[DATA IN THIS EXERCISE Boundary: Start]

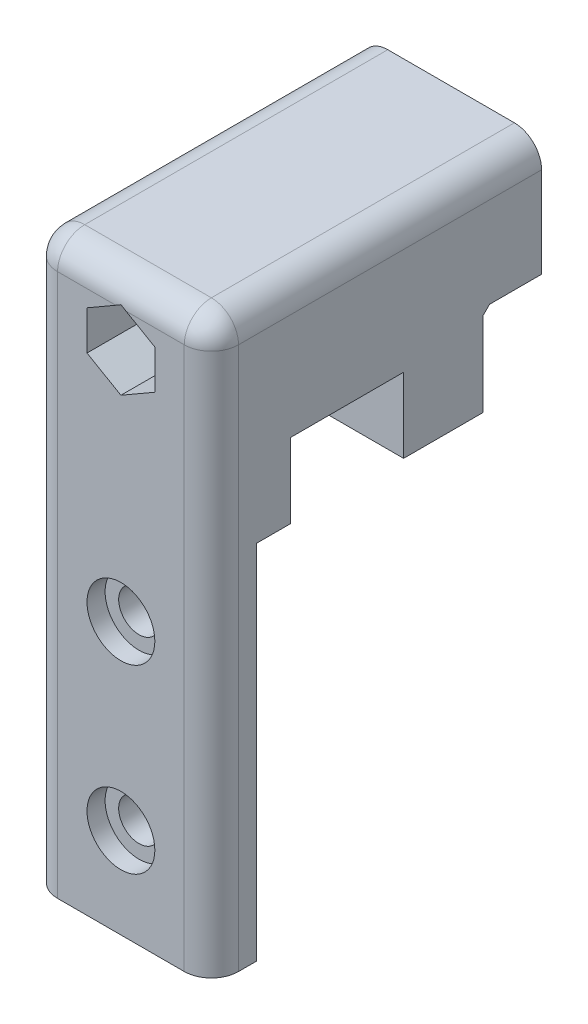
SolidWorks part; units mm, degrees
ref_plane "Front Plane" through (0, 0, 0) normal (0, 0, 1) x (1, 0, 0)
ref_plane "Top Plane" through (0, 0, 0) normal (0, 1, 0) x (1, 0, 0)
ref_plane "Right Plane" through (0, 0, 0) normal (1, 0, 0) x (0, 0, -1)
sketch "Sketch1" plane through (0, 0, 0) normal (1, 0, 0) x (0, 0, -1)
  line L1 (8.75, 0) -> (8.75, 9.25)
  line L2 (8.75, 9.25) -> (9.5, 10)
  line L3 (9.5, 10) -> (15.25, 10)
  line L4 (15.25, 10) -> (15.25, 23)
  line L5 (15.25, 23) -> (-19.25, 23)
  line L6 (-19.25, 23) -> (-19.25, -40)
  line L7 (-19.25, -40) -> (-16.25, -40)
  line L8 (-16.25, -40) -> (-16.25, 0)
  line L9 (-16.25, 0) -> (-12.5, 0)
  line L13 (0, 0) -> (3.75, 0)
  line L15 (-12.5, 0) -> (-12.25, 0) construction
  line L16 (-12.25, 0) -> (-12.25, 8) construction
  line L17 (-12.25, 8) -> (-0.25, 8) construction
  line L18 (-0.25, 8) -> (-0.25, 0) construction
  line L19 (-0.25, 0) -> (0, 0) construction
  line L20 (-12.5, 0) -> (-12.5, 8.25)
  line L21 (-12.5, 8.25) -> (0, 8.25)
  line L22 (0, 8.25) -> (0, 0)
  line L23 (8.75, 8) -> (8.75, -22) construction
  line L24 (3.75, 0) -> (8.75, 0)
  line L25 (15.25, 23) -> (15.25, 10) construction
  line L26 (15.25, 10) -> (10.75, 10) construction
  line L27 (47.75, 23) -> (15.25, 23) construction
  dimension "D3" = 12
  dimension "D4" = 8
  dimension "D1" = 20
  dimension "D5" = 225
  dimension "D6" = 0.75
  dimension "D7" = 40
  dimension "D8" = 3
  dimension "D2" = 0.25
extrude "Boss-Extrude1" add sketch "Sketch1" along normal blind 20
sketch "Sketch2" plane through (0, 0, 19.25) normal (0, 0, 1) x (1, 0, 0)
  line L0 (10, -40) -> (10, -30) construction
  line L1 (20, -40) -> (0, -40) construction
  line L2 (10, -30) -> (10, -20) construction
  line L3 (10, -20) -> (10, -10) construction
  circle A0 centre (10, -30) radius 2.25
  circle A1 centre (10, -10) radius 2 construction
  circle A2 centre (10, -10) radius 2.25
  circle A3 centre (10, 16) radius 2.25
  circle A4 centre (10, 16) radius 2.75 construction
  dimension "D2" = 4
  dimension "D1" = 10
  dimension "D3" = 0.25
extrude "Cut-Extrude1" cut sketch "Sketch2" against normal up to next
sketch "Sketch3" plane through (0, 0, 19.25) normal (0, 0, 1) x (1, 0, 0)
  line L0 (13.75, 18.1651) -> (10, 20.3301)
  line L1 (13.5, 18.0207) -> (10, 20.0415) construction
  line L2 (10, 20.0415) -> (6.5, 18.0207) construction
  line L3 (6.5, 18.0207) -> (6.5, 13.9793) construction
  line L4 (0, 23) -> (0, -40)
  line L5 (0, -40) -> (20, -40)
  line L6 (20, -40) -> (20, 23)
  line L7 (20, 23) -> (0, 23)
  line L8 (0, 23) -> (0, -40)
  line L9 (0, -40) -> (20, -40)
  line L10 (20, -40) -> (20, 23)
  line L11 (20, 23) -> (0, 23)
  line L12 (6.5, 13.9793) -> (10, 11.9585) construction
  line L13 (10, 11.9585) -> (13.5, 13.9793) construction
  line L14 (13.5, 13.9793) -> (13.5, 18.0207) construction
  line L15 (10, 20.3301) -> (6.25, 18.1651)
  line L16 (6.25, 18.1651) -> (6.25, 13.8349)
  line L17 (6.25, 13.8349) -> (10, 11.6699)
  line L18 (10, 11.6699) -> (13.75, 13.8349)
  line L19 (13.75, 13.8349) -> (13.75, 18.1651)
  circle A0 centre (10, -10) radius 3.5 construction
  circle A1 centre (10, -30) radius 3.75
  circle A2 centre (10, -10) radius 2.25 construction
  circle A3 centre (10, -30) radius 2.25 construction
  circle A4 centre (10, -10) radius 3.75
  circle A7 centre (10, 16) radius 3.5 construction
  circle A8 centre (10, 16) radius 2.25 construction
  dimension "D2" = 0.25
  dimension "D3" = 7
  dimension "D4" = 7
  dimension "D5" = 0.25
extrude "Boss-Extrude2" add sketch "Sketch3" along normal blind 2
fillet "Fillet1" radius 3 5 edges at (0, 23, 3) (20, 23, 3) (10, 23, 21.25) (20, -8.5, 21.25) (0, -8.5, 21.25)
sketch "Sketch4" plane through (0, 0, 19.25) normal (0, 0, 1) x (1, 0, 0)
  line L6 (10, 11.6699) -> (13.75, 13.8349)
  line L7 (13.75, 13.8349) -> (13.75, 18.1651)
  line L8 (13.75, 18.1651) -> (10, 20.3301)
  line L9 (10, 20.3301) -> (6.25, 18.1651)
  line L10 (6.25, 18.1651) -> (6.25, 13.8349)
  line L11 (6.25, 13.8349) -> (10, 11.6699)
  line L12 (10, 11.6699) -> (13.75, 13.8349)
  line L13 (13.75, 13.8349) -> (13.75, 18.1651)
  line L14 (13.75, 18.1651) -> (10, 20.3301)
  line L15 (10, 20.3301) -> (6.25, 18.1651)
  line L16 (6.25, 18.1651) -> (6.25, 13.8349)
  line L17 (6.25, 13.8349) -> (10, 11.6699)
  dimension "D1" = 0
extrude "Cut-Extrude2" cut sketch "Sketch4" against normal blind 10
equation "\"Tolerance\" = 0.25mm"
equation "\"Pocket_Head_M5\"= 8mm"
equation "\"Pocket_Head_M4\" = 7mm"
equation "\"Pocket_Nut_M4\" = 7mm"
equation "\"Pocket_Nut_M5\"= 8mm"
equation "\"Pocket_Nut_M3\"= 5.5mm"
equation "\"Pocket_Head_M3\"= 5.5mm"
equation "\"D2@Sketch1\"=\"Tolerance\""
equation "\"D3@Sketch2\"=\"Tolerance\""
equation "\"D3@Sketch3\"=\"Pocket_Head_M4\""
equation "\"D2@Sketch3\"=\"Tolerance\""
equation "\"D4@Sketch3\"=\"Pocket_Nut_M4\""
equation "\"D5@Sketch3\"=\"Tolerance\""

[DATA IN THIS EXERCISE Boundary: End]

Read the records above. Show each line that has the string "Tolerance".

SOLUTION FOR THIS EXERCISE
equation "\"Tolerance\" = 0.25mm"
equation "\"D2@Sketch1\"=\"Tolerance\""
equation "\"D3@Sketch2\"=\"Tolerance\""
equation "\"D2@Sketch3\"=\"Tolerance\""
equation "\"D5@Sketch3\"=\"Tolerance\""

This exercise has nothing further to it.